The parameter estimates obtained from each of these models were used as the input to a series of pattern classification analyses focussed on regions of interest in left and right primary visual cortex (V1), left and right primary auditory cortex (A1), and left primary motor cortex (M1; see “Regions of interest,” below). The parameter estimates for each of the eight experimental trial types in each of the six runs were obtained for all voxels falling within each of the regions of interest. Three separate classification analyses were then carried out on the data from each region, comparing values of orientation (vertical vs. horizontal), tone (low vs. high) and finger (index vs. middle). All classifications used a linear discriminant analysis with a shrinkage procedure to estimate the voxelwise covariance matrix (Ledoit and Wolf, 2004). A cross-validation test-train procedure was used for each classification, with the classifier trained on data from four runs and tested on data from two runs. Repeating this procedure for each possible combination of test and train sets gave a total of 15 iterations. Each run contained 4 exemplars of each stimulus value, so in each iteration the classifier was trained on 32 exemplars and tested on 16 exemplars. Each exemplar represented the response across an average of four stimulus events. The overall accuracy for each classification was found by averaging the accuracy scores from each test-train iteration. Finally, accuracy values for each participant were combined into a series of group analyses.

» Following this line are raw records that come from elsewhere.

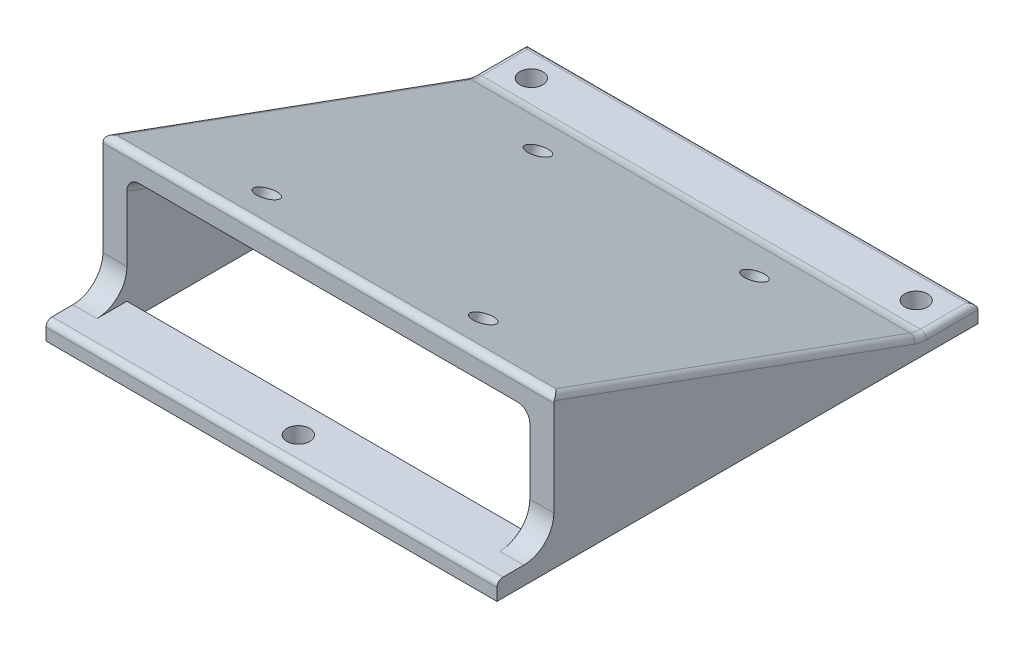
ISO-10303-21;
HEADER;
FILE_DESCRIPTION(('STEP AP214'),'2;1');
FILE_NAME('part.step','',(''),(''),'','','');
FILE_SCHEMA(('AUTOMOTIVE_DESIGN { 1 0 10303 214 1 1 1 1 }'));
ENDSEC;
DATA;
#1=APPLICATION_CONTEXT('core data for automotive mechanical design processes');
#2=APPLICATION_PROTOCOL_DEFINITION('international standard','automotive_design',2000,#1);
#3=PRODUCT_CONTEXT('',#1,'mechanical');
#4=PRODUCT('Part','Part','',(#3));
#5=PRODUCT_RELATED_PRODUCT_CATEGORY('part','',(#4));
#6=PRODUCT_DEFINITION_FORMATION('','',#4);
#7=PRODUCT_DEFINITION_CONTEXT('part definition',#1,'design');
#8=PRODUCT_DEFINITION('design','',#6,#7);
#9=PRODUCT_DEFINITION_SHAPE('','',#8);
#10=(LENGTH_UNIT() NAMED_UNIT(*) SI_UNIT(.MILLI.,.METRE.));
#11=(NAMED_UNIT(*) PLANE_ANGLE_UNIT() SI_UNIT($,.RADIAN.));
#12=(NAMED_UNIT(*) SI_UNIT($,.STERADIAN.) SOLID_ANGLE_UNIT());
#13=UNCERTAINTY_MEASURE_WITH_UNIT(LENGTH_MEASURE(1.E-05),#10,'distance_accuracy_value','');
#14=(GEOMETRIC_REPRESENTATION_CONTEXT(3) GLOBAL_UNCERTAINTY_ASSIGNED_CONTEXT((#13)) GLOBAL_UNIT_ASSIGNED_CONTEXT((#10,
#11,#12)) REPRESENTATION_CONTEXT('',''));
#15=CARTESIAN_POINT('',(0.,0.,0.));
#16=DIRECTION('',(0.,0.,1.));
#17=DIRECTION('',(1.,0.,0.));
#18=AXIS2_PLACEMENT_3D('',#15,#16,#17);
#19=CARTESIAN_POINT('',(37.5,0.,80.));
#20=DIRECTION('',(0.,0.,1.));
#21=DIRECTION('',(1.,0.,0.));
#22=AXIS2_PLACEMENT_3D('',#19,#20,#21);
#23=PLANE('',#22);
#24=DIRECTION('',(0.,1.,0.));
#25=VECTOR('',#24,1.);
#26=CARTESIAN_POINT('',(-37.5,0.,80.));
#27=LINE('',#26,#25);
#28=CARTESIAN_POINT('',(-37.5,27.,80.));
#29=VERTEX_POINT('',#28);
#30=CARTESIAN_POINT('',(-37.5,29.,80.));
#31=VERTEX_POINT('',#30);
#32=EDGE_CURVE('E238',#29,#31,#27,.T.);
#33=ORIENTED_EDGE('',*,*,#32,.F.);
#34=DIRECTION('',(1.,0.,0.));
#35=VECTOR('',#34,1.);
#36=CARTESIAN_POINT('',(-37.5,27.,80.));
#37=LINE('',#36,#35);
#38=CARTESIAN_POINT('',(37.5,27.,80.));
#39=VERTEX_POINT('',#38);
#40=EDGE_CURVE('E64',#29,#39,#37,.T.);
#41=ORIENTED_EDGE('',*,*,#40,.T.);
#42=DIRECTION('',(0.,1.,0.));
#43=VECTOR('',#42,1.);
#44=CARTESIAN_POINT('',(37.5,0.,80.));
#45=LINE('',#44,#43);
#46=CARTESIAN_POINT('',(37.5,29.,80.));
#47=VERTEX_POINT('',#46);
#48=EDGE_CURVE('E216',#39,#47,#45,.T.);
#49=ORIENTED_EDGE('',*,*,#48,.T.);
#50=DIRECTION('',(-1.,0.,0.));
#51=VECTOR('',#50,1.);
#52=CARTESIAN_POINT('',(-37.5,29.,80.));
#53=LINE('',#52,#51);
#54=EDGE_CURVE('E329',#47,#31,#53,.T.);
#55=ORIENTED_EDGE('',*,*,#54,.T.);
#56=EDGE_LOOP('',(#33,#41,#49,#55));
#57=FACE_BOUND('',#56,.T.);
#58=ADVANCED_FACE('F49',(#57),#23,.T.);
#59=CARTESIAN_POINT('',(37.5,0.,0.));
#60=DIRECTION('',(0.,0.,1.));
#61=DIRECTION('',(1.,0.,0.));
#62=AXIS2_PLACEMENT_3D('',#59,#60,#61);
#63=PLANE('',#62);
#64=DIRECTION('',(1.,0.,0.));
#65=VECTOR('',#64,1.);
#66=CARTESIAN_POINT('',(-37.5,27.,0.));
#67=LINE('',#66,#65);
#68=CARTESIAN_POINT('',(-37.5,27.,0.));
#69=VERTEX_POINT('',#68);
#70=CARTESIAN_POINT('',(37.5,27.,0.));
#71=VERTEX_POINT('',#70);
#72=EDGE_CURVE('E201',#69,#71,#67,.T.);
#73=ORIENTED_EDGE('',*,*,#72,.F.);
#74=DIRECTION('',(0.,1.,0.));
#75=VECTOR('',#74,1.);
#76=CARTESIAN_POINT('',(-37.5,0.,0.));
#77=LINE('',#76,#75);
#78=CARTESIAN_POINT('',(-37.5,29.,0.));
#79=VERTEX_POINT('',#78);
#80=EDGE_CURVE('E240',#69,#79,#77,.T.);
#81=ORIENTED_EDGE('',*,*,#80,.T.);
#82=DIRECTION('',(-1.,0.,0.));
#83=VECTOR('',#82,1.);
#84=CARTESIAN_POINT('',(37.5,29.,0.));
#85=LINE('',#84,#83);
#86=CARTESIAN_POINT('',(37.5,29.,0.));
#87=VERTEX_POINT('',#86);
#88=EDGE_CURVE('E221',#79,#87,#85,.F.);
#89=ORIENTED_EDGE('',*,*,#88,.T.);
#90=DIRECTION('',(0.,1.,0.));
#91=VECTOR('',#90,1.);
#92=CARTESIAN_POINT('',(37.5,0.,0.));
#93=LINE('',#92,#91);
#94=EDGE_CURVE('E213',#71,#87,#93,.T.);
#95=ORIENTED_EDGE('',*,*,#94,.F.);
#96=EDGE_LOOP('',(#73,#81,#89,#95));
#97=FACE_BOUND('',#96,.T.);
#98=ADVANCED_FACE('F219',(#97),#63,.F.);
#99=CARTESIAN_POINT('',(37.5,0.,0.));
#100=DIRECTION('',(1.,0.,0.));
#101=DIRECTION('',(0.,0.,-1.));
#102=AXIS2_PLACEMENT_3D('',#99,#100,#101);
#103=PLANE('',#102);
#104=ORIENTED_EDGE('',*,*,#48,.F.);
#105=DIRECTION('',(0.,0.,-1.));
#106=VECTOR('',#105,1.);
#107=CARTESIAN_POINT('',(37.5,27.,0.));
#108=LINE('',#107,#106);
#109=EDGE_CURVE('E204',#39,#71,#108,.T.);
#110=ORIENTED_EDGE('',*,*,#109,.T.);
#111=ORIENTED_EDGE('',*,*,#94,.T.);
#112=DIRECTION('',(0.,0.,1.));
#113=VECTOR('',#112,1.);
#114=CARTESIAN_POINT('',(37.5,29.,8.57835492091559));
#115=LINE('',#114,#113);
#116=CARTESIAN_POINT('',(37.5,29.,8.57835492091559));
#117=VERTEX_POINT('',#116);
#118=EDGE_CURVE('E319',#87,#117,#115,.T.);
#119=ORIENTED_EDGE('',*,*,#118,.T.);
#120=CARTESIAN_POINT('',(37.5,35.,8.57835492091559));
#121=DIRECTION('',(1.,0.,0.));
#122=DIRECTION('',(0.,0.,-1.));
#123=AXIS2_PLACEMENT_3D('',#120,#121,#122);
#124=CIRCLE('',#123,6.);
#125=CARTESIAN_POINT('',(37.5,29.3618442752845,10.6304757808696));
#126=VERTEX_POINT('',#125);
#127=EDGE_CURVE('E317',#117,#126,#124,.F.);
#128=ORIENTED_EDGE('',*,*,#127,.T.);
#129=DIRECTION('',(0.,-0.342020143325663,-0.939692620785911));
#130=VECTOR('',#129,1.);
#131=CARTESIAN_POINT('',(37.5,22.5105919025378,-8.1931854082374));
#132=LINE('',#131,#130);
#133=CARTESIAN_POINT('',(37.5,51.1451814527517,70.479702796328));
#134=VERTEX_POINT('',#133);
#135=EDGE_CURVE('E313',#126,#134,#132,.F.);
#136=ORIENTED_EDGE('',*,*,#135,.T.);
#137=CARTESIAN_POINT('',(37.5,50.803161309426,69.5400101755421));
#138=DIRECTION('',(1.,0.,0.));
#139=DIRECTION('',(0.,0.,-1.));
#140=AXIS2_PLACEMENT_3D('',#137,#138,#139);
#141=CIRCLE('',#140,1.);
#142=CARTESIAN_POINT('',(37.5,50.803161309426,70.5400101755421));
#143=VERTEX_POINT('',#142);
#144=EDGE_CURVE('E315',#134,#143,#141,.T.);
#145=ORIENTED_EDGE('',*,*,#144,.T.);
#146=DIRECTION('',(0.,-1.,0.));
#147=VECTOR('',#146,1.);
#148=CARTESIAN_POINT('',(37.5,0.,70.5400101755421));
#149=LINE('',#148,#147);
#150=CARTESIAN_POINT('',(37.5,35.,70.5400101755421));
#151=VERTEX_POINT('',#150);
#152=EDGE_CURVE('E241',#143,#151,#149,.T.);
#153=ORIENTED_EDGE('',*,*,#152,.T.);
#154=CARTESIAN_POINT('',(37.5,35.,75.5400101755421));
#155=DIRECTION('',(1.,0.,0.));
#156=DIRECTION('',(0.,0.,-1.));
#157=AXIS2_PLACEMENT_3D('',#154,#155,#156);
#158=CIRCLE('',#157,5.);
#159=CARTESIAN_POINT('',(37.5,30.,75.5400101755421));
#160=VERTEX_POINT('',#159);
#161=EDGE_CURVE('E268',#151,#160,#158,.F.);
#162=ORIENTED_EDGE('',*,*,#161,.T.);
#163=DIRECTION('',(0.,0.,1.));
#164=VECTOR('',#163,1.);
#165=CARTESIAN_POINT('',(37.5,30.,0.));
#166=LINE('',#165,#164);
#167=CARTESIAN_POINT('',(37.5,30.,79.));
#168=VERTEX_POINT('',#167);
#169=EDGE_CURVE('E228',#160,#168,#166,.T.);
#170=ORIENTED_EDGE('',*,*,#169,.T.);
#171=CARTESIAN_POINT('',(37.5,29.,79.));
#172=DIRECTION('',(1.,0.,0.));
#173=DIRECTION('',(0.,0.,-1.));
#174=AXIS2_PLACEMENT_3D('',#171,#172,#173);
#175=CIRCLE('',#174,1.);
#176=EDGE_CURVE('E311',#168,#47,#175,.T.);
#177=ORIENTED_EDGE('',*,*,#176,.T.);
#178=EDGE_LOOP('',(#104,#110,#111,#119,#128,#136,#145,#153,#162,#170,#177));
#179=FACE_BOUND('',#178,.T.);
#180=ADVANCED_FACE('F212',(#179),#103,.T.);
#181=CARTESIAN_POINT('',(-37.5,0.,0.));
#182=DIRECTION('',(1.,0.,0.));
#183=DIRECTION('',(0.,0.,-1.));
#184=AXIS2_PLACEMENT_3D('',#181,#182,#183);
#185=PLANE('',#184);
#186=DIRECTION('',(0.,0.,-1.));
#187=VECTOR('',#186,1.);
#188=CARTESIAN_POINT('',(-37.5,27.,0.));
#189=LINE('',#188,#187);
#190=EDGE_CURVE('E205',#29,#69,#189,.T.);
#191=ORIENTED_EDGE('',*,*,#190,.F.);
#192=ORIENTED_EDGE('',*,*,#32,.T.);
#193=CARTESIAN_POINT('',(-37.5,29.,79.));
#194=DIRECTION('',(1.,0.,0.));
#195=DIRECTION('',(0.,0.,-1.));
#196=AXIS2_PLACEMENT_3D('',#193,#194,#195);
#197=CIRCLE('',#196,1.);
#198=CARTESIAN_POINT('',(-37.5,30.,79.));
#199=VERTEX_POINT('',#198);
#200=EDGE_CURVE('E296',#31,#199,#197,.F.);
#201=ORIENTED_EDGE('',*,*,#200,.T.);
#202=DIRECTION('',(0.,0.,1.));
#203=VECTOR('',#202,1.);
#204=CARTESIAN_POINT('',(-37.5,30.,0.));
#205=LINE('',#204,#203);
#206=CARTESIAN_POINT('',(-37.5,30.,75.5400101755421));
#207=VERTEX_POINT('',#206);
#208=EDGE_CURVE('E234',#207,#199,#205,.T.);
#209=ORIENTED_EDGE('',*,*,#208,.F.);
#210=CARTESIAN_POINT('',(-37.5,35.,75.5400101755421));
#211=DIRECTION('',(1.,0.,0.));
#212=DIRECTION('',(0.,0.,-1.));
#213=AXIS2_PLACEMENT_3D('',#210,#211,#212);
#214=CIRCLE('',#213,5.);
#215=CARTESIAN_POINT('',(-37.5,35.,70.5400101755421));
#216=VERTEX_POINT('',#215);
#217=EDGE_CURVE('E270',#207,#216,#214,.T.);
#218=ORIENTED_EDGE('',*,*,#217,.T.);
#219=DIRECTION('',(0.,-1.,0.));
#220=VECTOR('',#219,1.);
#221=CARTESIAN_POINT('',(-37.5,0.,70.5400101755421));
#222=LINE('',#221,#220);
#223=CARTESIAN_POINT('',(-37.5,50.803161309426,70.5400101755421));
#224=VERTEX_POINT('',#223);
#225=EDGE_CURVE('E232',#224,#216,#222,.T.);
#226=ORIENTED_EDGE('',*,*,#225,.F.);
#227=CARTESIAN_POINT('',(-37.5,50.803161309426,69.5400101755421));
#228=DIRECTION('',(1.,0.,0.));
#229=DIRECTION('',(0.,0.,-1.));
#230=AXIS2_PLACEMENT_3D('',#227,#228,#229);
#231=CIRCLE('',#230,1.);
#232=CARTESIAN_POINT('',(-37.5,51.1451814527517,70.479702796328));
#233=VERTEX_POINT('',#232);
#234=EDGE_CURVE('E298',#224,#233,#231,.F.);
#235=ORIENTED_EDGE('',*,*,#234,.T.);
#236=DIRECTION('',(0.,-0.342020143325663,-0.939692620785911));
#237=VECTOR('',#236,1.);
#238=CARTESIAN_POINT('',(-37.5,29.3618442752845,10.6304757808696));
#239=LINE('',#238,#237);
#240=CARTESIAN_POINT('',(-37.5,29.3618442752845,10.6304757808696));
#241=VERTEX_POINT('',#240);
#242=EDGE_CURVE('E300',#233,#241,#239,.T.);
#243=ORIENTED_EDGE('',*,*,#242,.T.);
#244=CARTESIAN_POINT('',(-37.5,35.,8.57835492091559));
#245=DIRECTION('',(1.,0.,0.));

Coordinates for the V1 and A1 regions were obtained from the Jerne Volumes of Interest database (http://neuro.imm.dtu.dk/services/jerne/ninf/voi.html; Nielsen and Hansen, 2002; based on the BrainMap database, Fox et al., 1994). All coordinates listed under the terms “primary visual area,” “primary visual cortex” and “primary visual” were averaged together (taking the absolute value of the X coordinates), and the result was mirrored across hemispheres to give ± 10, −89, 1 as the centre points for the V1 regions. A similar procedure using the search terms “auditory cortex,” “gyrus heschl,” and “auditory” gave coordinates of ± 51, −19, 9 for the A1 regions.
In order to define M1 regions, univariate analyses were carried out based on the same general linear model described above but using normalised, smoothed (8 mm FWHM Gaussian kernel) data. A contrast was carried out to identify voxels that were significantly more active during experimental trials than during the fixation baseline (thresholded at p < 0.001, uncorrected for multiple comparisons). This was then masked to include only the voxels that fell within Brodmann Area 4 (defined using the template image provided with MRIcroN; http://www.sph.sc.edu/comd/rorden/mricron/), and the centre of mass of the remaining voxels was calculated. These points were averaged across subjects and sessions to give a central coordinate of −39, −22, 57.
All regions were defined by including the voxels that fell within a 10 mm radius of the centre coordinates. Regions were originally defined in MNI space, and the spatial transformations obtained from normalising each participant's structural image were then used to un-normalise these coordinates into the space of each individual participant's functional data. Each region was also masked to exclude all voxels that fell outside the brain or which had a probability of less than 0.1 of belonging to the gray matter partition.
The behavioural results showed that participants were able to perform the task with a high degree of accuracy and made correct responses on 91.2% of trials. Response rates, accuracy rates, and reaction times are presented in more detail in Table 1.
Fig. 2 shows the results of the classification analyses. The A1 and V1 regions are shown averaged across hemispheres. The results from the non-represented dimensions within each region (orientation and finger in A1, tone and finger in V1, orientation and tone in M1) have also been averaged. One sample t-tests comparing classification accuracy in each condition to chance (50%) showed that in each region, accuracy was significantly above chance for the represented dimensions, but not for non-represented dimensions, suggesting that the analysis was both sensitive and specific despite the relatively low number of events. This was only true for the data collected using the gradient echo (GE) sequences however, and classification accuracy was at chance levels in the data collected using the spin echo (SE) sequences.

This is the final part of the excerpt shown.